Your goal: Among the lines below, a stretch begins at the one with "#6=PRODUCT_DEFINITION_FORMATION('','',#4);" and ends at the one with "#10=(LENGTH_UNIT() NAMED_UNIT(*) SI_UNIT(.MILLI.,.METRE.));". Repeat that stretch exactly, ends included.

Input data:

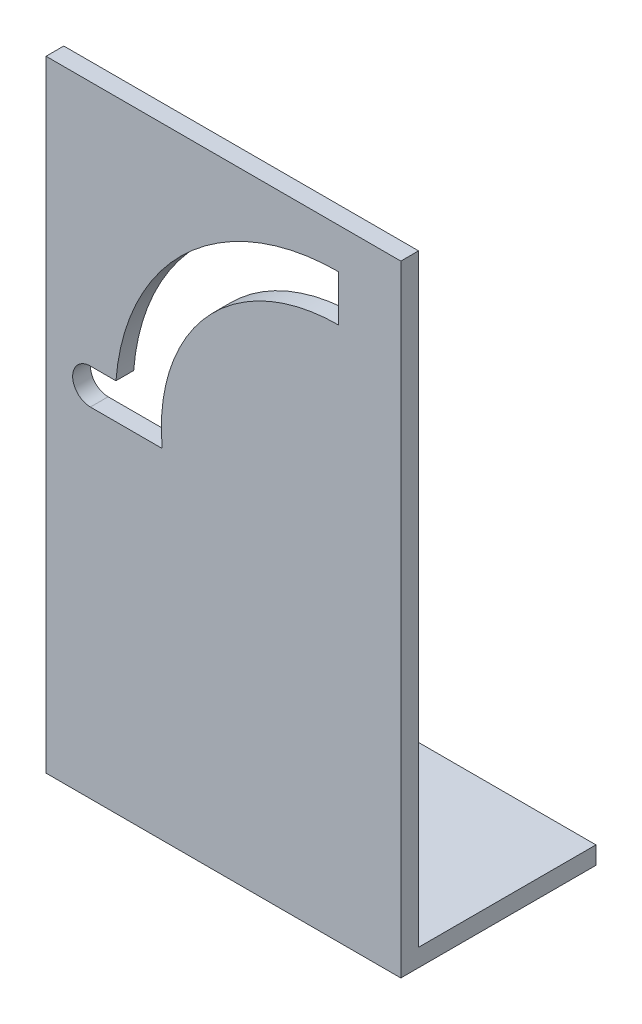
ISO-10303-21;
HEADER;
FILE_DESCRIPTION(('STEP AP214'),'2;1');
FILE_NAME('part.step','',(''),(''),'','','');
FILE_SCHEMA(('AUTOMOTIVE_DESIGN { 1 0 10303 214 1 1 1 1 }'));
ENDSEC;
DATA;
#1=APPLICATION_CONTEXT('core data for automotive mechanical design processes');
#2=APPLICATION_PROTOCOL_DEFINITION('international standard','automotive_design',2000,#1);
#3=PRODUCT_CONTEXT('',#1,'mechanical');
#4=PRODUCT('Part','Part','',(#3));
#5=PRODUCT_RELATED_PRODUCT_CATEGORY('part','',(#4));
#6=PRODUCT_DEFINITION_FORMATION('','',#4);
#7=PRODUCT_DEFINITION_CONTEXT('part definition',#1,'design');
#8=PRODUCT_DEFINITION('design','',#6,#7);
#9=PRODUCT_DEFINITION_SHAPE('','',#8);
#10=(LENGTH_UNIT() NAMED_UNIT(*) SI_UNIT(.MILLI.,.METRE.));
#11=(NAMED_UNIT(*) PLANE_ANGLE_UNIT() SI_UNIT($,.RADIAN.));
#12=(NAMED_UNIT(*) SI_UNIT($,.STERADIAN.) SOLID_ANGLE_UNIT());
#13=UNCERTAINTY_MEASURE_WITH_UNIT(LENGTH_MEASURE(1.E-05),#10,'distance_accuracy_value','');
#14=(GEOMETRIC_REPRESENTATION_CONTEXT(3) GLOBAL_UNCERTAINTY_ASSIGNED_CONTEXT((#13)) GLOBAL_UNIT_ASSIGNED_CONTEXT((#10,
#11,#12)) REPRESENTATION_CONTEXT('',''));
#15=CARTESIAN_POINT('',(0.,0.,0.));
#16=DIRECTION('',(0.,0.,1.));
#17=DIRECTION('',(1.,0.,0.));
#18=AXIS2_PLACEMENT_3D('',#15,#16,#17);
#19=CARTESIAN_POINT('',(0.,0.,2.));
#20=DIRECTION('',(0.,0.,1.));
#21=DIRECTION('',(1.,0.,0.));
#22=AXIS2_PLACEMENT_3D('',#19,#20,#21);
#23=PLANE('',#22);
#24=DIRECTION('',(0.,-1.,0.));
#25=VECTOR('',#24,1.);
#26=CARTESIAN_POINT('',(-30.2714458192476,30.2805792273283,2.));
#27=LINE('',#26,#25);
#28=CARTESIAN_POINT('',(-30.2714458192476,30.2805792273283,2.));
#29=VERTEX_POINT('',#28);
#30=CARTESIAN_POINT('',(-30.2714458192476,-39.7194207726717,2.));
#31=VERTEX_POINT('',#30);
#32=EDGE_CURVE('E204',#29,#31,#27,.T.);
#33=ORIENTED_EDGE('',*,*,#32,.T.);
#34=DIRECTION('',(1.,0.,0.));
#35=VECTOR('',#34,1.);
#36=CARTESIAN_POINT('',(-30.2714458192476,-39.7194207726717,2.));
#37=LINE('',#36,#35);
#38=CARTESIAN_POINT('',(9.72855418075238,-39.7194207726717,2.));
#39=VERTEX_POINT('',#38);
#40=EDGE_CURVE('E207',#31,#39,#37,.T.);
#41=ORIENTED_EDGE('',*,*,#40,.T.);
#42=DIRECTION('',(0.,1.,0.));
#43=VECTOR('',#42,1.);
#44=CARTESIAN_POINT('',(9.72855418075238,-39.7194207726717,2.));
#45=LINE('',#44,#43);
#46=CARTESIAN_POINT('',(9.72855418075238,30.2805792273283,2.));
#47=VERTEX_POINT('',#46);
#48=EDGE_CURVE('E128',#39,#47,#45,.T.);
#49=ORIENTED_EDGE('',*,*,#48,.T.);
#50=DIRECTION('',(-1.,0.,0.));
#51=VECTOR('',#50,1.);
#52=CARTESIAN_POINT('',(9.72855418075238,30.2805792273283,2.));
#53=LINE('',#52,#51);
#54=EDGE_CURVE('E201',#47,#29,#53,.T.);
#55=ORIENTED_EDGE('',*,*,#54,.T.);
#56=EDGE_LOOP('',(#33,#41,#49,#55));
#57=FACE_BOUND('',#56,.T.);
#58=DIRECTION('',(1.,0.,0.));
#59=VECTOR('',#58,1.);
#60=CARTESIAN_POINT('',(-25.2714458192476,-1.46942077267171,2.));
#61=LINE('',#60,#59);
#62=CARTESIAN_POINT('',(-25.2714458192476,-1.46942077267171,2.));
#63=VERTEX_POINT('',#62);
#64=CARTESIAN_POINT('',(-17.17119456138,-1.46942077267171,2.));
#65=VERTEX_POINT('',#64);
#66=EDGE_CURVE('E160',#63,#65,#61,.T.);
#67=ORIENTED_EDGE('',*,*,#66,.F.);
#68=CARTESIAN_POINT('',(-25.2714458192476,0.530579227328291,2.));
#69=DIRECTION('',(0.,0.,1.));
#70=DIRECTION('',(1.,0.,0.));
#71=AXIS2_PLACEMENT_3D('',#68,#69,#70);
#72=CIRCLE('',#71,2.);
#73=CARTESIAN_POINT('',(-25.2714458192476,2.53057922732829,2.));
#74=VERTEX_POINT('',#73);
#75=EDGE_CURVE('E158',#74,#63,#72,.T.);
#76=ORIENTED_EDGE('',*,*,#75,.F.);
#77=DIRECTION('',(-1.,0.,0.));
#78=VECTOR('',#77,1.);
#79=CARTESIAN_POINT('',(-25.2714458192476,2.53057922732829,2.));
#80=LINE('',#79,#78);
#81=CARTESIAN_POINT('',(-22.3919553682198,2.53057922732829,2.));
#82=VERTEX_POINT('',#81);
#83=EDGE_CURVE('E169',#82,#74,#80,.T.);
#84=ORIENTED_EDGE('',*,*,#83,.F.);
#85=CARTESIAN_POINT('',(2.72855418075238,0.530579227328292,2.));
#86=DIRECTION('',(0.,0.,1.));
#87=DIRECTION('',(1.,0.,0.));
#88=AXIS2_PLACEMENT_3D('',#85,#86,#87);
#89=CIRCLE('',#88,25.2);
#90=CARTESIAN_POINT('',(2.72855418075238,25.7305792273283,2.));
#91=VERTEX_POINT('',#90);
#92=EDGE_CURVE('E167',#91,#82,#89,.T.);
#93=ORIENTED_EDGE('',*,*,#92,.F.);
#94=DIRECTION('',(0.,1.,0.));
#95=VECTOR('',#94,1.);
#96=CARTESIAN_POINT('',(2.72855418075238,20.5305792273283,2.));
#97=LINE('',#96,#95);
#98=CARTESIAN_POINT('',(2.72855418075238,20.5305792273283,2.));
#99=VERTEX_POINT('',#98);
#100=EDGE_CURVE('E165',#99,#91,#97,.T.);
#101=ORIENTED_EDGE('',*,*,#100,.F.);
#102=CARTESIAN_POINT('',(2.72855418075238,0.530579227328292,2.));
#103=DIRECTION('',(0.,0.,-1.));
#104=DIRECTION('',(1.,0.,0.));
#105=AXIS2_PLACEMENT_3D('',#102,#103,#104);
#106=CIRCLE('',#105,20.);
#107=EDGE_CURVE('E163',#65,#99,#106,.T.);
#108=ORIENTED_EDGE('',*,*,#107,.F.);
#109=EDGE_LOOP('',(#67,#76,#84,#93,#101,#108));
#110=FACE_BOUND('',#109,.T.);
#111=ADVANCED_FACE('F35',(#57,#110),#23,.T.);
#112=CARTESIAN_POINT('',(0.,0.,0.));
#113=DIRECTION('',(0.,0.,1.));
#114=DIRECTION('',(1.,0.,0.));
#115=AXIS2_PLACEMENT_3D('',#112,#113,#114);
#116=PLANE('',#115);
#117=DIRECTION('',(0.,1.,0.));
#118=VECTOR('',#117,1.);
#119=CARTESIAN_POINT('',(9.72855418075238,-39.7194207726717,0.));
#120=LINE('',#119,#118);
#121=CARTESIAN_POINT('',(9.72855418075238,-37.7194207726717,0.));
#122=VERTEX_POINT('',#121);
#123=CARTESIAN_POINT('',(9.72855418075238,30.2805792273283,0.));
#124=VERTEX_POINT('',#123);
#125=EDGE_CURVE('E205',#122,#124,#120,.T.);
#126=ORIENTED_EDGE('',*,*,#125,.F.);
#127=DIRECTION('',(-1.,0.,0.));
#128=VECTOR('',#127,1.);
#129=CARTESIAN_POINT('',(0.,-37.7194207726717,0.));
#130=LINE('',#129,#128);
#131=CARTESIAN_POINT('',(-30.2714458192476,-37.7194207726717,0.));
#132=VERTEX_POINT('',#131);
#133=EDGE_CURVE('E153',#122,#132,#130,.T.);
#134=ORIENTED_EDGE('',*,*,#133,.T.);
#135=DIRECTION('',(0.,-1.,0.));
#136=VECTOR('',#135,1.);
#137=CARTESIAN_POINT('',(-30.2714458192476,30.2805792273283,0.));
#138=LINE('',#137,#136);
#139=CARTESIAN_POINT('',(-30.2714458192476,30.2805792273283,0.));
#140=VERTEX_POINT('',#139);
#141=EDGE_CURVE('E212',#140,#132,#138,.T.);
#142=ORIENTED_EDGE('',*,*,#141,.F.);
#143=DIRECTION('',(-1.,0.,0.));
#144=VECTOR('',#143,1.);
#145=CARTESIAN_POINT('',(9.72855418075238,30.2805792273283,0.));
#146=LINE('',#145,#144);
#147=EDGE_CURVE('E200',#124,#140,#146,.T.);
#148=ORIENTED_EDGE('',*,*,#147,.F.);
#149=EDGE_LOOP('',(#126,#134,#142,#148));
#150=FACE_BOUND('',#149,.T.);
#151=CARTESIAN_POINT('',(-25.2714458192476,0.530579227328291,0.));
#152=DIRECTION('',(0.,0.,1.));
#153=DIRECTION('',(1.,0.,0.));
#154=AXIS2_PLACEMENT_3D('',#151,#152,#153);
#155=CIRCLE('',#154,2.);
#156=CARTESIAN_POINT('',(-25.2714458192476,2.53057922732829,0.));
#157=VERTEX_POINT('',#156);
#158=CARTESIAN_POINT('',(-25.2714458192476,-1.46942077267171,0.));
#159=VERTEX_POINT('',#158);
#160=EDGE_CURVE('E157',#157,#159,#155,.T.);
#161=ORIENTED_EDGE('',*,*,#160,.T.);
#162=DIRECTION('',(1.,0.,0.));
#163=VECTOR('',#162,1.);
#164=CARTESIAN_POINT('',(-21.2714458192476,-1.46942077267171,0.));
#165=LINE('',#164,#163);
#166=CARTESIAN_POINT('',(-17.17119456138,-1.46942077267171,0.));
#167=VERTEX_POINT('',#166);
#168=EDGE_CURVE('E174',#159,#167,#165,.T.);
#169=ORIENTED_EDGE('',*,*,#168,.T.);
#170=CARTESIAN_POINT('',(2.72855418075238,0.530579227328292,0.));
#171=DIRECTION('',(0.,0.,-1.));
#172=DIRECTION('',(1.,0.,0.));
#173=AXIS2_PLACEMENT_3D('',#170,#171,#172);
#174=CIRCLE('',#173,20.);
#175=CARTESIAN_POINT('',(2.72855418075238,20.5305792273283,0.));
#176=VERTEX_POINT('',#175);
#177=EDGE_CURVE('E177',#167,#176,#174,.T.);
#178=ORIENTED_EDGE('',*,*,#177,.T.);
#179=DIRECTION('',(0.,1.,0.));
#180=VECTOR('',#179,1.);
#181=CARTESIAN_POINT('',(2.72855418075238,20.5305792273283,0.));
#182=LINE('',#181,#180);
#183=CARTESIAN_POINT('',(2.72855418075238,25.7305792273283,0.));
#184=VERTEX_POINT('',#183);
#185=EDGE_CURVE('E180',#176,#184,#182,.T.);
#186=ORIENTED_EDGE('',*,*,#185,.T.);
#187=CARTESIAN_POINT('',(2.72855418075238,0.530579227328292,0.));
#188=DIRECTION('',(0.,0.,1.));
#189=DIRECTION('',(1.,0.,0.));
#190=AXIS2_PLACEMENT_3D('',#187,#188,#189);
#191=CIRCLE('',#190,25.2);
#192=CARTESIAN_POINT('',(-22.3919553682198,2.53057922732829,0.));
#193=VERTEX_POINT('',#192);
#194=EDGE_CURVE('E183',#184,#193,#191,.T.);
#195=ORIENTED_EDGE('',*,*,#194,.T.);
#196=DIRECTION('',(-1.,0.,0.));
#197=VECTOR('',#196,1.);
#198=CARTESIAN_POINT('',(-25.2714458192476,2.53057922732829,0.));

Task output:
#6=PRODUCT_DEFINITION_FORMATION('','',#4);
#7=PRODUCT_DEFINITION_CONTEXT('part definition',#1,'design');
#8=PRODUCT_DEFINITION('design','',#6,#7);
#9=PRODUCT_DEFINITION_SHAPE('','',#8);
#10=(LENGTH_UNIT() NAMED_UNIT(*) SI_UNIT(.MILLI.,.METRE.));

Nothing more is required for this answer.